▶ **Record set**:

::::::::

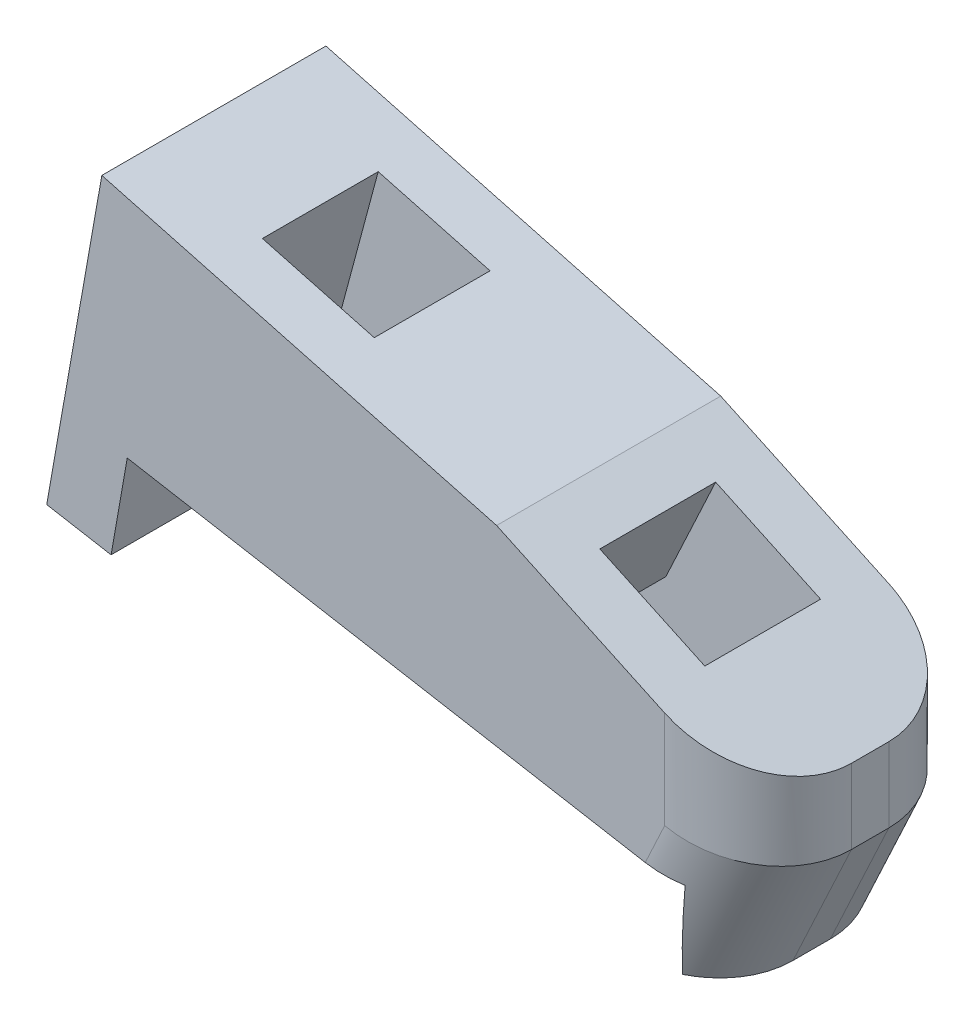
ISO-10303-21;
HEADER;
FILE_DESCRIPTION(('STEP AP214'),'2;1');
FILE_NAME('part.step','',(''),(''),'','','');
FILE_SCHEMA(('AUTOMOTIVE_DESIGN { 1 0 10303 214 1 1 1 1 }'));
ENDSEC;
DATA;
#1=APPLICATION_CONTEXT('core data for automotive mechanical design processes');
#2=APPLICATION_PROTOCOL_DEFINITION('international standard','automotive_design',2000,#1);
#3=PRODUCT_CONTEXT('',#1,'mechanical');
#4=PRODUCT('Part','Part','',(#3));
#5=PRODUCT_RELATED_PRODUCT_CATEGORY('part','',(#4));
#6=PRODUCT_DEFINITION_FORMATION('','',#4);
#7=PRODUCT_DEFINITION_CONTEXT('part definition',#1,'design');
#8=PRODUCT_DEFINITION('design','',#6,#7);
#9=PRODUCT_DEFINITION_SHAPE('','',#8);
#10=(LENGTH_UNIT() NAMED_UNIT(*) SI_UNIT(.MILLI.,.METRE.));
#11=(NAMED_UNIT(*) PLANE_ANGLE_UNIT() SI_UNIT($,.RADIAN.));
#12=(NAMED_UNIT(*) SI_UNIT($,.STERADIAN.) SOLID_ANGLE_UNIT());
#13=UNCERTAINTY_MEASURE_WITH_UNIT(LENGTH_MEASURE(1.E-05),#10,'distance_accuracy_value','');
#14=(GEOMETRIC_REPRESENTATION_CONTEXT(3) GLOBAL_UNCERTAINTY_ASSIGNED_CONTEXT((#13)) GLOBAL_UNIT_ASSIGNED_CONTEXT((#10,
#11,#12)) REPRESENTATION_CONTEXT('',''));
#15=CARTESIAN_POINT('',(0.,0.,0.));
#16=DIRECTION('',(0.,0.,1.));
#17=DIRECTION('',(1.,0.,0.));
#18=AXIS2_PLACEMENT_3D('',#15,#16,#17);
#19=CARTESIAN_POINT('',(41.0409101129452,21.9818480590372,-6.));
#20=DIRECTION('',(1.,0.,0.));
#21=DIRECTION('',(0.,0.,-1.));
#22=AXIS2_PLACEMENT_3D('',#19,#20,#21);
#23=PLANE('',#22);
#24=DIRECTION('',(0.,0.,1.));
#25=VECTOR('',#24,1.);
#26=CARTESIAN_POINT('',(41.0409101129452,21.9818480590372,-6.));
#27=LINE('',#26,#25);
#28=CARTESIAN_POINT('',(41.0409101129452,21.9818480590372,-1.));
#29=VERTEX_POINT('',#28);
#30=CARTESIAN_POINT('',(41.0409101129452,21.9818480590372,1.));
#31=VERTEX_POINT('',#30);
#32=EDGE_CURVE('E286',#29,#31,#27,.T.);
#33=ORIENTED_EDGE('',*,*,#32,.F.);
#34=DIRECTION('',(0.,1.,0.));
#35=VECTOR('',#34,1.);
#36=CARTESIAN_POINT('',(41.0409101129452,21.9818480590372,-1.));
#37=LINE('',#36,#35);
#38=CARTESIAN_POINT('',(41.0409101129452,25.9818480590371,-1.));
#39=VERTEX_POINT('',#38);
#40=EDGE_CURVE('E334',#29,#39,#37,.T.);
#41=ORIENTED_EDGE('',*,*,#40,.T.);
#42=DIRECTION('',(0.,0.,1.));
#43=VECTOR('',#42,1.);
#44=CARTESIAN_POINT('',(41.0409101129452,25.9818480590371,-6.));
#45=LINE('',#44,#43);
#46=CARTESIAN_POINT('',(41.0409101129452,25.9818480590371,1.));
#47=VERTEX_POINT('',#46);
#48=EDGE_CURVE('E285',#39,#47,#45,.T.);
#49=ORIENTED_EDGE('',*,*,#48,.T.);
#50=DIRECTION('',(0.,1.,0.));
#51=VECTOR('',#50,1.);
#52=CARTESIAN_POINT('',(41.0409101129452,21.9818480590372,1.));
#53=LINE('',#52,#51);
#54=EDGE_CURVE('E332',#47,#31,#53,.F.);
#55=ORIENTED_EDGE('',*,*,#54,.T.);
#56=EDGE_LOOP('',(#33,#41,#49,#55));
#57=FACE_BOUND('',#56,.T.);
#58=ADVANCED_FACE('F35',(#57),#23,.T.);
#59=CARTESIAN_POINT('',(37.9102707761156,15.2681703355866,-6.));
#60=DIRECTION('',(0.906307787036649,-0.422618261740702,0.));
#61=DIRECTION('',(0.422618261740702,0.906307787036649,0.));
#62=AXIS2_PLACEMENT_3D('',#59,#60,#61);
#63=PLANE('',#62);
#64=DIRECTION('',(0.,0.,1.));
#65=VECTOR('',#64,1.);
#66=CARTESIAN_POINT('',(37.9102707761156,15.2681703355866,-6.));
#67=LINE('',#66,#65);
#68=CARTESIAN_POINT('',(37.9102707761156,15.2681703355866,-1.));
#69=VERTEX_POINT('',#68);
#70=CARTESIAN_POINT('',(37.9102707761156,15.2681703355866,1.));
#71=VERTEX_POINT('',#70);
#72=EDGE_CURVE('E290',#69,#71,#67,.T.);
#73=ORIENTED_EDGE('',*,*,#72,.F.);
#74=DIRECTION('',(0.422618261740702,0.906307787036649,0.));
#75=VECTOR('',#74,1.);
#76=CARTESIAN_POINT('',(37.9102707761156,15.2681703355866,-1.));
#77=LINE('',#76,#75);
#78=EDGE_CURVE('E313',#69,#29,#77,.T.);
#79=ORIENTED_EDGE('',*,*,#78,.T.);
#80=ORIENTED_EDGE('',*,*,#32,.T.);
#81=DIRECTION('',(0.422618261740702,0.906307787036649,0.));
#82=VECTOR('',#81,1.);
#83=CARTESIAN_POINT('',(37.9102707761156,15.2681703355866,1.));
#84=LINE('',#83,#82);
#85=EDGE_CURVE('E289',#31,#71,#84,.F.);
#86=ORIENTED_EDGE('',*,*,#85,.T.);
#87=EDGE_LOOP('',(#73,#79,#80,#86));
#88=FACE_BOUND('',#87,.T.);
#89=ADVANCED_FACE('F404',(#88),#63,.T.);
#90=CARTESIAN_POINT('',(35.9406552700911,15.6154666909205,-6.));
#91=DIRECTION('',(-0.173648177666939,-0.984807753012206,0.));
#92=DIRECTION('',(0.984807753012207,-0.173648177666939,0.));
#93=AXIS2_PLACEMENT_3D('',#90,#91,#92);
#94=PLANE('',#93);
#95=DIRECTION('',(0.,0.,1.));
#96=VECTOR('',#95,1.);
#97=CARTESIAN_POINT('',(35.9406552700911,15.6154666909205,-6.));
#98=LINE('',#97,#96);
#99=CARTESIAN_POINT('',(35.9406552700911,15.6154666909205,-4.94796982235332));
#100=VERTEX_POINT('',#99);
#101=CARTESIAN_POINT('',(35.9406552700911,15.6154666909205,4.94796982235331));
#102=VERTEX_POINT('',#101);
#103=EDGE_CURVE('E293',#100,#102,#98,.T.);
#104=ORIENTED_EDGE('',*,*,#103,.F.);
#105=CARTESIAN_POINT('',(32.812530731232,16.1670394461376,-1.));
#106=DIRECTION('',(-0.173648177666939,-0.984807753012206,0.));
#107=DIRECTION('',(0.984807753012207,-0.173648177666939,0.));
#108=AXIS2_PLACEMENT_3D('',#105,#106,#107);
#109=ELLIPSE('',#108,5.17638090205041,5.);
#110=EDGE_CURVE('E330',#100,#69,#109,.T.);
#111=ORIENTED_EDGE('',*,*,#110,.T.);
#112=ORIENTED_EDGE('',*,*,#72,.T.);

::::::::

▶ **Problem statement**: So that the copy stays exact, reproduce each record word for word and leave its images out.

▶ **Written reply**:
ISO-10303-21;
HEADER;
FILE_DESCRIPTION(('STEP AP214'),'2;1');
FILE_NAME('part.step','',(''),(''),'','','');
FILE_SCHEMA(('AUTOMOTIVE_DESIGN { 1 0 10303 214 1 1 1 1 }'));
ENDSEC;
DATA;
#1=APPLICATION_CONTEXT('core data for automotive mechanical design processes');
#2=APPLICATION_PROTOCOL_DEFINITION('international standard','automotive_design',2000,#1);
#3=PRODUCT_CONTEXT('',#1,'mechanical');
#4=PRODUCT('Part','Part','',(#3));
#5=PRODUCT_RELATED_PRODUCT_CATEGORY('part','',(#4));
#6=PRODUCT_DEFINITION_FORMATION('','',#4);
#7=PRODUCT_DEFINITION_CONTEXT('part definition',#1,'design');
#8=PRODUCT_DEFINITION('design','',#6,#7);
#9=PRODUCT_DEFINITION_SHAPE('','',#8);
#10=(LENGTH_UNIT() NAMED_UNIT(*) SI_UNIT(.MILLI.,.METRE.));
#11=(NAMED_UNIT(*) PLANE_ANGLE_UNIT() SI_UNIT($,.RADIAN.));
#12=(NAMED_UNIT(*) SI_UNIT($,.STERADIAN.) SOLID_ANGLE_UNIT());
#13=UNCERTAINTY_MEASURE_WITH_UNIT(LENGTH_MEASURE(1.E-05),#10,'distance_accuracy_value','');
#14=(GEOMETRIC_REPRESENTATION_CONTEXT(3) GLOBAL_UNCERTAINTY_ASSIGNED_CONTEXT((#13)) GLOBAL_UNIT_ASSIGNED_CONTEXT((#10,
#11,#12)) REPRESENTATION_CONTEXT('',''));
#15=CARTESIAN_POINT('',(0.,0.,0.));
#16=DIRECTION('',(0.,0.,1.));
#17=DIRECTION('',(1.,0.,0.));
#18=AXIS2_PLACEMENT_3D('',#15,#16,#17);
#19=CARTESIAN_POINT('',(41.0409101129452,21.9818480590372,-6.));
#20=DIRECTION('',(1.,0.,0.));
#21=DIRECTION('',(0.,0.,-1.));
#22=AXIS2_PLACEMENT_3D('',#19,#20,#21);
#23=PLANE('',#22);
#24=DIRECTION('',(0.,0.,1.));
#25=VECTOR('',#24,1.);
#26=CARTESIAN_POINT('',(41.0409101129452,21.9818480590372,-6.));
#27=LINE('',#26,#25);
#28=CARTESIAN_POINT('',(41.0409101129452,21.9818480590372,-1.));
#29=VERTEX_POINT('',#28);
#30=CARTESIAN_POINT('',(41.0409101129452,21.9818480590372,1.));
#31=VERTEX_POINT('',#30);
#32=EDGE_CURVE('E286',#29,#31,#27,.T.);
#33=ORIENTED_EDGE('',*,*,#32,.F.);
#34=DIRECTION('',(0.,1.,0.));
#35=VECTOR('',#34,1.);
#36=CARTESIAN_POINT('',(41.0409101129452,21.9818480590372,-1.));
#37=LINE('',#36,#35);
#38=CARTESIAN_POINT('',(41.0409101129452,25.9818480590371,-1.));
#39=VERTEX_POINT('',#38);
#40=EDGE_CURVE('E334',#29,#39,#37,.T.);
#41=ORIENTED_EDGE('',*,*,#40,.T.);
#42=DIRECTION('',(0.,0.,1.));
#43=VECTOR('',#42,1.);
#44=CARTESIAN_POINT('',(41.0409101129452,25.9818480590371,-6.));
#45=LINE('',#44,#43);
#46=CARTESIAN_POINT('',(41.0409101129452,25.9818480590371,1.));
#47=VERTEX_POINT('',#46);
#48=EDGE_CURVE('E285',#39,#47,#45,.T.);
#49=ORIENTED_EDGE('',*,*,#48,.T.);
#50=DIRECTION('',(0.,1.,0.));
#51=VECTOR('',#50,1.);
#52=CARTESIAN_POINT('',(41.0409101129452,21.9818480590372,1.));
#53=LINE('',#52,#51);
#54=EDGE_CURVE('E332',#47,#31,#53,.F.);
#55=ORIENTED_EDGE('',*,*,#54,.T.);
#56=EDGE_LOOP('',(#33,#41,#49,#55));
#57=FACE_BOUND('',#56,.T.);
#58=ADVANCED_FACE('F35',(#57),#23,.T.);
#59=CARTESIAN_POINT('',(37.9102707761156,15.2681703355866,-6.));
#60=DIRECTION('',(0.906307787036649,-0.422618261740702,0.));
#61=DIRECTION('',(0.422618261740702,0.906307787036649,0.));
#62=AXIS2_PLACEMENT_3D('',#59,#60,#61);
#63=PLANE('',#62);
#64=DIRECTION('',(0.,0.,1.));
#65=VECTOR('',#64,1.);
#66=CARTESIAN_POINT('',(37.9102707761156,15.2681703355866,-6.));
#67=LINE('',#66,#65);
#68=CARTESIAN_POINT('',(37.9102707761156,15.2681703355866,-1.));
#69=VERTEX_POINT('',#68);
#70=CARTESIAN_POINT('',(37.9102707761156,15.2681703355866,1.));
#71=VERTEX_POINT('',#70);
#72=EDGE_CURVE('E290',#69,#71,#67,.T.);
#73=ORIENTED_EDGE('',*,*,#72,.F.);
#74=DIRECTION('',(0.422618261740702,0.906307787036649,0.));
#75=VECTOR('',#74,1.);
#76=CARTESIAN_POINT('',(37.9102707761156,15.2681703355866,-1.));
#77=LINE('',#76,#75);
#78=EDGE_CURVE('E313',#69,#29,#77,.T.);
#79=ORIENTED_EDGE('',*,*,#78,.T.);
#80=ORIENTED_EDGE('',*,*,#32,.T.);
#81=DIRECTION('',(0.422618261740702,0.906307787036649,0.));
#82=VECTOR('',#81,1.);
#83=CARTESIAN_POINT('',(37.9102707761156,15.2681703355866,1.));
#84=LINE('',#83,#82);
#85=EDGE_CURVE('E289',#31,#71,#84,.F.);
#86=ORIENTED_EDGE('',*,*,#85,.T.);
#87=EDGE_LOOP('',(#73,#79,#80,#86));
#88=FACE_BOUND('',#87,.T.);
#89=ADVANCED_FACE('F404',(#88),#63,.T.);
#90=CARTESIAN_POINT('',(35.9406552700911,15.6154666909205,-6.));
#91=DIRECTION('',(-0.173648177666939,-0.984807753012206,0.));
#92=DIRECTION('',(0.984807753012207,-0.173648177666939,0.));
#93=AXIS2_PLACEMENT_3D('',#90,#91,#92);
#94=PLANE('',#93);
#95=DIRECTION('',(0.,0.,1.));
#96=VECTOR('',#95,1.);
#97=CARTESIAN_POINT('',(35.9406552700911,15.6154666909205,-6.));
#98=LINE('',#97,#96);
#99=CARTESIAN_POINT('',(35.9406552700911,15.6154666909205,-4.94796982235332));
#100=VERTEX_POINT('',#99);
#101=CARTESIAN_POINT('',(35.9406552700911,15.6154666909205,4.94796982235331));
#102=VERTEX_POINT('',#101);
#103=EDGE_CURVE('E293',#100,#102,#98,.T.);
#104=ORIENTED_EDGE('',*,*,#103,.F.);
#105=CARTESIAN_POINT('',(32.812530731232,16.1670394461376,-1.));
#106=DIRECTION('',(-0.173648177666939,-0.984807753012206,0.));
#107=DIRECTION('',(0.984807753012207,-0.173648177666939,0.));
#108=AXIS2_PLACEMENT_3D('',#105,#106,#107);
#109=ELLIPSE('',#108,5.17638090205041,5.);
#110=EDGE_CURVE('E330',#100,#69,#109,.T.);
#111=ORIENTED_EDGE('',*,*,#110,.T.);
#112=ORIENTED_EDGE('',*,*,#72,.T.);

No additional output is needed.